The trip home (November 19-20): Why did it take two days to get from Porto to Minneapolis? Well, we had a glitch, the one and only disappointment of the entire trip. We left the Helgrim at 3:30 AM on Tuesday the 19th, boarding our Viking bus and heading for the Porto airport to catch a 6 AM flight to Frankfurt, Germany, from where we were booked on an 11:15 AM Lufthansa flight to MSP. All went smoothly through boarding at Porto, but once all the passengers were on board and the doors closed, the pilot announced that our flight would be delayed due to a problem with one of the runways in Frankfurt. So, there we sat, for well over an hour, and by the time we finally took flight and arrived in Frankfurt, our MSP flight was long gone. After attempting to navigate some incredibly long lines at several Lufthansa service counters, we received emails explaining that we were now booked on the 11:15 flight the next day and that we were receiving vouchers for an overnight stay in a nearby Frankfurt hotel. Off we trudged to find the hotel shuttle bus, which deposited us at the Intercity Hotel at 12:22 PM. Unfortunately, our luggage was still in the baggage queue at Lufthansa, including our clothes and toiletries as well as my medications, so we had to go without. Luckily, Pat had a travel toothbrush, so at least Pat didn’t have to abide my schnitzel-tinged breath all night. Thankfully, the voucher did cover dinner and breakfast, but we had to pop for our own lunch.

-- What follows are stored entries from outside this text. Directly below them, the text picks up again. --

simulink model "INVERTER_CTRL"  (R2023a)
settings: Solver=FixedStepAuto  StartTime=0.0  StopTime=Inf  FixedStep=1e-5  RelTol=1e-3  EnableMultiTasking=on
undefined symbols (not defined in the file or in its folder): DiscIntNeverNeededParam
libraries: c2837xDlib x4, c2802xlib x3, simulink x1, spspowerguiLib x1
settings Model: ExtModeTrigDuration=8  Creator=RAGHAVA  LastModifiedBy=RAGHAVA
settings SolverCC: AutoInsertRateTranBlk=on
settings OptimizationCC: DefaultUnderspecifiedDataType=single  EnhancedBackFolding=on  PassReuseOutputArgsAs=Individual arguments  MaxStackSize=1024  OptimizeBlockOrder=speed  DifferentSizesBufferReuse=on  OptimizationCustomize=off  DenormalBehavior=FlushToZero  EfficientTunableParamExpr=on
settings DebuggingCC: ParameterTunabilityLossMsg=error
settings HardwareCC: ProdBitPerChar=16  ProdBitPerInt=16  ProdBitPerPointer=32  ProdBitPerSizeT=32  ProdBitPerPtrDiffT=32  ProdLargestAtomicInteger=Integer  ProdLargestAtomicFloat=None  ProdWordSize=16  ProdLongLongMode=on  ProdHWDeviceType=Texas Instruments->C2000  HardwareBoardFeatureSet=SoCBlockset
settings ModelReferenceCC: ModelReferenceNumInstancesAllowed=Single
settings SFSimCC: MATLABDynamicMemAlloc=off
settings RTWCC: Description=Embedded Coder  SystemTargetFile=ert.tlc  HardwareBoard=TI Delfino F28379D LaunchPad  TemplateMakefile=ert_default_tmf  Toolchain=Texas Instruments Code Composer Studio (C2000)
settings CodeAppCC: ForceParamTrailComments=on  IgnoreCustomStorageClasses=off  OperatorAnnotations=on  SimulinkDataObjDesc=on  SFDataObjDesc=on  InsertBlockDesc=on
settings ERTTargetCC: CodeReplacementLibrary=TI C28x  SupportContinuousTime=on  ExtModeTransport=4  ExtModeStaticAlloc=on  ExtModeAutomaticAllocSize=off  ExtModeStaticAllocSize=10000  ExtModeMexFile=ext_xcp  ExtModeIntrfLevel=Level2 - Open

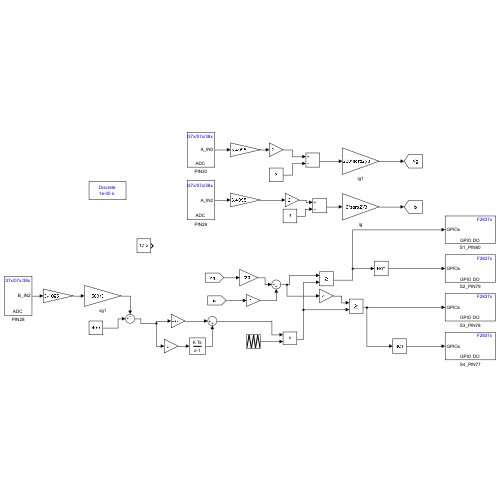
[thumbnail: Simulink's stored preview of the top-level diagram]
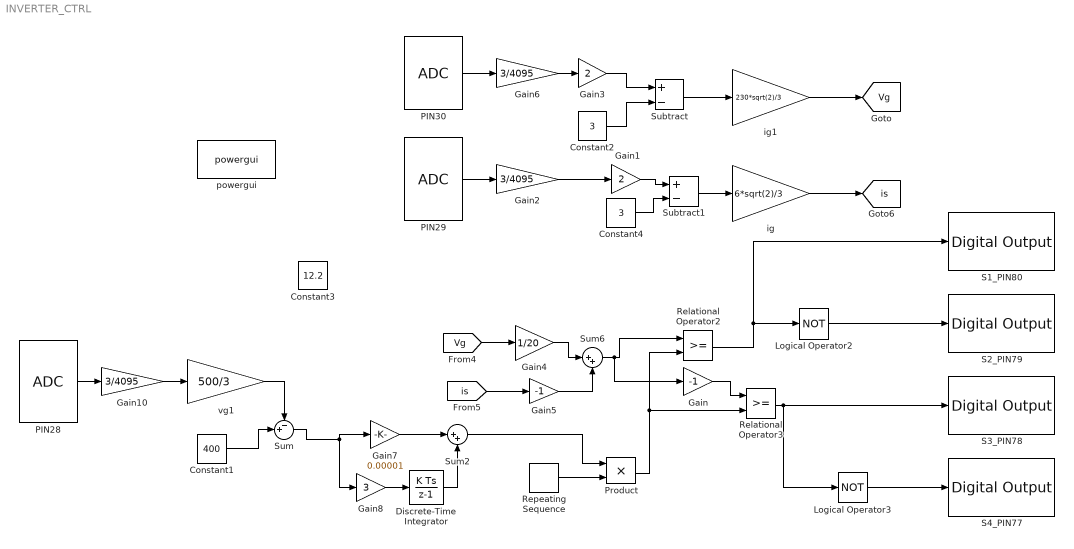
== system INVERTER_CTRL ==
  Constant1 : Constant  Value=400
  Constant2 : Constant  Value=3
  Constant3 : Constant  Value=12.2
  Constant4 : Constant  Value=3
  Discrete-Time Integrator : DiscreteIntegrator  SampleTime=1e-5  ICPrevOutput=DiscIntNeverNeededParam  ICPrevScaledInput=DiscIntNeverNeededParam
  Gain : Gain  Gain=-1
  Gain1 : Gain  Gain=2
  Gain10 : Gain  Gain=3/4095
  Gain2 : Gain  Gain=3/4095
  Gain3 : Gain  Gain=2
  Gain4 : Gain  Gain=1/20
  Gain5 : Gain  Gain=-1
  Gain6 : Gain  Gain=3/4095
  Gain7 : Gain  Gain=0.00001
  Gain8 : Gain  Gain=3
  Logical Operator2 : Logic  Operator=NOT  AllPortsSameDT=off  OutDataTypeStr=boolean
  Logical Operator3 : Logic  Operator=NOT  AllPortsSameDT=off  OutDataTypeStr=boolean
  PIN28 : c2802xlib/ADC  blkParamProc=C2000_Type4  ADCModule=B  samplingMode=Single sample mode  ADCResolution=12-bit (Single-ended input)  useSOC1=SOC2  useSOC2=SOC0_SOC1  SOCAcquisitionWindow=15  SOCTriggerSource=Software  SOCInterruptTrigger=No ADCINT  Ts=1e-5  dType=double  postInterrupt=off  interruptSel=ADCINT1  ADCINTContinuous=on  endma=off  chdma=1  conv1=ADCINA0  conv2=ADCINA0 and ADCINB0  conv1_Type4=ADCIN2  conv2_Type4=ADCIN0 and ADCIN1
      settings: LibrarySourceBlock=c2837xDlib/ADC
  PIN29 : c2802xlib/ADC  blkParamProc=C2000_Type4  ADCModule=A  samplingMode=Single sample mode  ADCResolution=12-bit (Single-ended input)  useSOC1=SOC2  useSOC2=SOC0_SOC1  SOCAcquisitionWindow=15  SOCTriggerSource=Software  SOCInterruptTrigger=No ADCINT  Ts=1e-5  dType=double  postInterrupt=off  interruptSel=ADCINT1  ADCINTContinuous=on  endma=off  chdma=1  conv1=ADCINA0  conv2=ADCINA0 and ADCINB0  conv1_Type4=ADCIN2  conv2_Type4=ADCIN0 and ADCIN1
      settings: LibrarySourceBlock=c2837xDlib/ADC
  PIN30 : c2802xlib/ADC  blkParamProc=C2000_Type4  ADCModule=A  samplingMode=Single sample mode  ADCResolution=12-bit (Single-ended input)  useSOC1=SOC0  useSOC2=SOC0_SOC1  SOCAcquisitionWindow=15  SOCTriggerSource=Software  SOCInterruptTrigger=No ADCINT  Ts=1e-5  dType=double  postInterrupt=off  interruptSel=ADCINT1  ADCINTContinuous=on  endma=off  chdma=1  conv1=ADCINA0  conv2=ADCINA0 and ADCINB0  conv1_Type4=ADCIN0  conv2_Type4=ADCIN0 and ADCIN1
      settings: LibrarySourceBlock=c2837xDlib/ADC
  Product : Product
  Relational Operator2 : RelationalOperator  OutDataTypeStr=boolean  RndMeth=Simplest  InputSameDT=off
  Relational Operator3 : RelationalOperator  OutDataTypeStr=boolean  RndMeth=Simplest  InputSameDT=off
  Repeating Sequence : simulink/Sources/Repeating Sequence  rep_seq_t=[0 0.5 1]*(1/10000)  rep_seq_y=[-1 1 -1]
  S1_PIN80 : c2837xDlib/Digital Output  GPIO_Number=GPIO0~GPIO7  GPIO_Bit0=off  GPIO_BIT0_Toggle=off  GPIO_Bit1=off  GPIO_BIT1_Toggle=off  GPIO_Bit2=off  GPIO_BIT2_Toggle=off  GPIO_Bit3=off  GPIO_BIT3_Toggle=off  GPIO_Bit4=off  GPIO_BIT4_Toggle=off  GPIO_Bit5=off  GPIO_BIT5_Toggle=off  GPIO_Bit6=on  GPIO_BIT6_Toggle=off  GPIO_Bit7=off  GPIO_BIT7_Toggle=off
  S2_PIN79 : c2837xDlib/Digital Output  GPIO_Number=GPIO0~GPIO7  GPIO_Bit0=off  GPIO_BIT0_Toggle=off  GPIO_Bit1=off  GPIO_BIT1_Toggle=off  GPIO_Bit2=off  GPIO_BIT2_Toggle=off  GPIO_Bit3=off  GPIO_BIT3_Toggle=off  GPIO_Bit4=off  GPIO_BIT4_Toggle=off  GPIO_Bit5=off  GPIO_BIT5_Toggle=off  GPIO_Bit6=off  GPIO_BIT6_Toggle=off  GPIO_Bit7=on  GPIO_BIT7_Toggle=off
  S3_PIN78 : c2837xDlib/Digital Output  GPIO_Number=GPIO8~GPIO15  GPIO_Bit0=on  GPIO_BIT0_Toggle=off  GPIO_Bit1=off  GPIO_BIT1_Toggle=off  GPIO_Bit2=off  GPIO_BIT2_Toggle=off  GPIO_Bit3=off  GPIO_BIT3_Toggle=off  GPIO_Bit4=off  GPIO_BIT4_Toggle=off  GPIO_Bit5=off  GPIO_BIT5_Toggle=off  GPIO_Bit6=off  GPIO_BIT6_Toggle=off  GPIO_Bit7=off  GPIO_BIT7_Toggle=off
  S4_PIN77 : c2837xDlib/Digital Output  GPIO_Number=GPIO8~GPIO15  GPIO_Bit0=off  GPIO_BIT0_Toggle=off  GPIO_Bit1=on  GPIO_BIT1_Toggle=off  GPIO_Bit2=off  GPIO_BIT2_Toggle=off  GPIO_Bit3=off  GPIO_BIT3_Toggle=off  GPIO_Bit4=off  GPIO_BIT4_Toggle=off  GPIO_Bit5=off  GPIO_BIT5_Toggle=off  GPIO_Bit6=off  GPIO_BIT6_Toggle=off  GPIO_Bit7=off  GPIO_BIT7_Toggle=off
  Subtract : Sum  Inputs=+-
  Subtract1 : Sum  Inputs=+-
  Sum : Sum  Inputs=-+|
  Sum2 : Sum  Inputs=|++
  Sum6 : Sum  Inputs=|++
  ig : Gain  Gain=6*sqrt(2)/3
  ig1 : Gain  Gain=230*sqrt(2)/3
  powergui : spspowerguiLib/powergui  Priority=1  SimulationMode=Discrete  SampleTime=1e-5  frequency=60  Iterations=50  frequencyindice=60  Pbase=100e6  ErrMax=1e-4  UnitsV=kV  UnitsW=MW  buscounter=0  FunctionMessages=off  echomessages=off  EnableUseOfTLC=off  CurrentSourceSwitches=off  DisableSnubberDevices=off  DisableRonSwitches=off  DisableVfSwitches=off  DisplayEquations=off  AutomaticDiscreteSolvers=off  SolverType=Tustin/Backward Euler (TBE)  Interpol=off  ExternalGateDelay=off  methode=off  Ts=100  x0status=blocks  SPID=on  SwTol=0  HookPort=off  NonlinearTolerance=1e-4  nMaxIteration=100  ContinueOnMaxIteration=off  RestoreLinks=warning  ResistiveCurrentMeasurement=off  Frange=[0:2:500]  Ylog=off  Xlog=on  ShowGrid=off  save=off  variable=ZData  structure=0  ZoomFFT=off  StartTime=0.0  cycles=1  DisplayStyle=1  fundamental=60  FreqAxis=off  MaxFrequency=1000  frequencyindicesteady=1  RmsSteady=1  display=off
  vg1 : Gain  Gain=500/3
  tag scope: Vg=global, is=global
  wires:
  Subtract/1 -> ig1/1
  Constant2/1 -> Subtract/2
  Gain3/1 -> Subtract/1
  Gain5/1 -> Sum6/2
  Logical Operator3/1 -> S4_PIN77/1
  Sum6/1 -> Gain/1, Relational Operator2/1
  Relational Operator3/1 -> Logical Operator3/1, S3_PIN78/1
  [is] -> Gain5/1
  Relational Operator2/1 -> S1_PIN80/1, Logical Operator2/1
  Repeating Sequence/1 -> Product/2
  [Vg] -> Gain4/1
  Logical Operator2/1 -> S2_PIN79/1
  Product/1 -> Relational Operator2/2, Relational Operator3/2
  Gain4/1 -> Sum6/1
  Gain/1 -> Relational Operator3/1
  ig1/1 -> [Vg]
  ig/1 -> [is]
  Gain1/1 -> Subtract1/1
  Constant4/1 -> Subtract1/2
  Subtract1/1 -> ig/1
  Gain2/1 -> Gain1/1
  Gain6/1 -> Gain3/1
  PIN30/1 -> Gain6/1
  PIN29/1 -> Gain2/1
  Gain7/1 -> Sum2/1
  Sum/1 -> Gain7/1, Gain8/1
  Constant1/1 -> Sum/2
  Discrete-Time Integrator/1 -> Sum2/2
  Gain8/1 -> Discrete-Time Integrator/1
  PIN28/1 -> Gain10/1
  Gain10/1 -> vg1/1
  vg1/1 -> Sum/1
  Sum2/1 -> Product/1

The only upside to this glitch was that our Wednesday flight to MSP was only about two-thirds full, so we were able to spread out comfortably. I watched a couple of movies while Pat dozed across the aisle, and the flight was uneventful. Once at MSP, we had our first test of the Global Entry system that we enrolled in last spring. After landing, we each submitted a request using the Global Entry apps on our phones, receiving electronic receipts that allowed us to whisk through a special customs line in a matter of minutes – definitely worth the $100 fee, which is good for five years and also includes the TSA PreCheck system for boarding flights.
After another Lyft ride from MSP, we made it back to our condo at 5:01 PM on Wednesday, a mere 31 hours after leaving the Helgrim, rather tired but exceedingly pleased with our Intrepid Iberian Interlude. I hope readers have enjoyed the journey as well.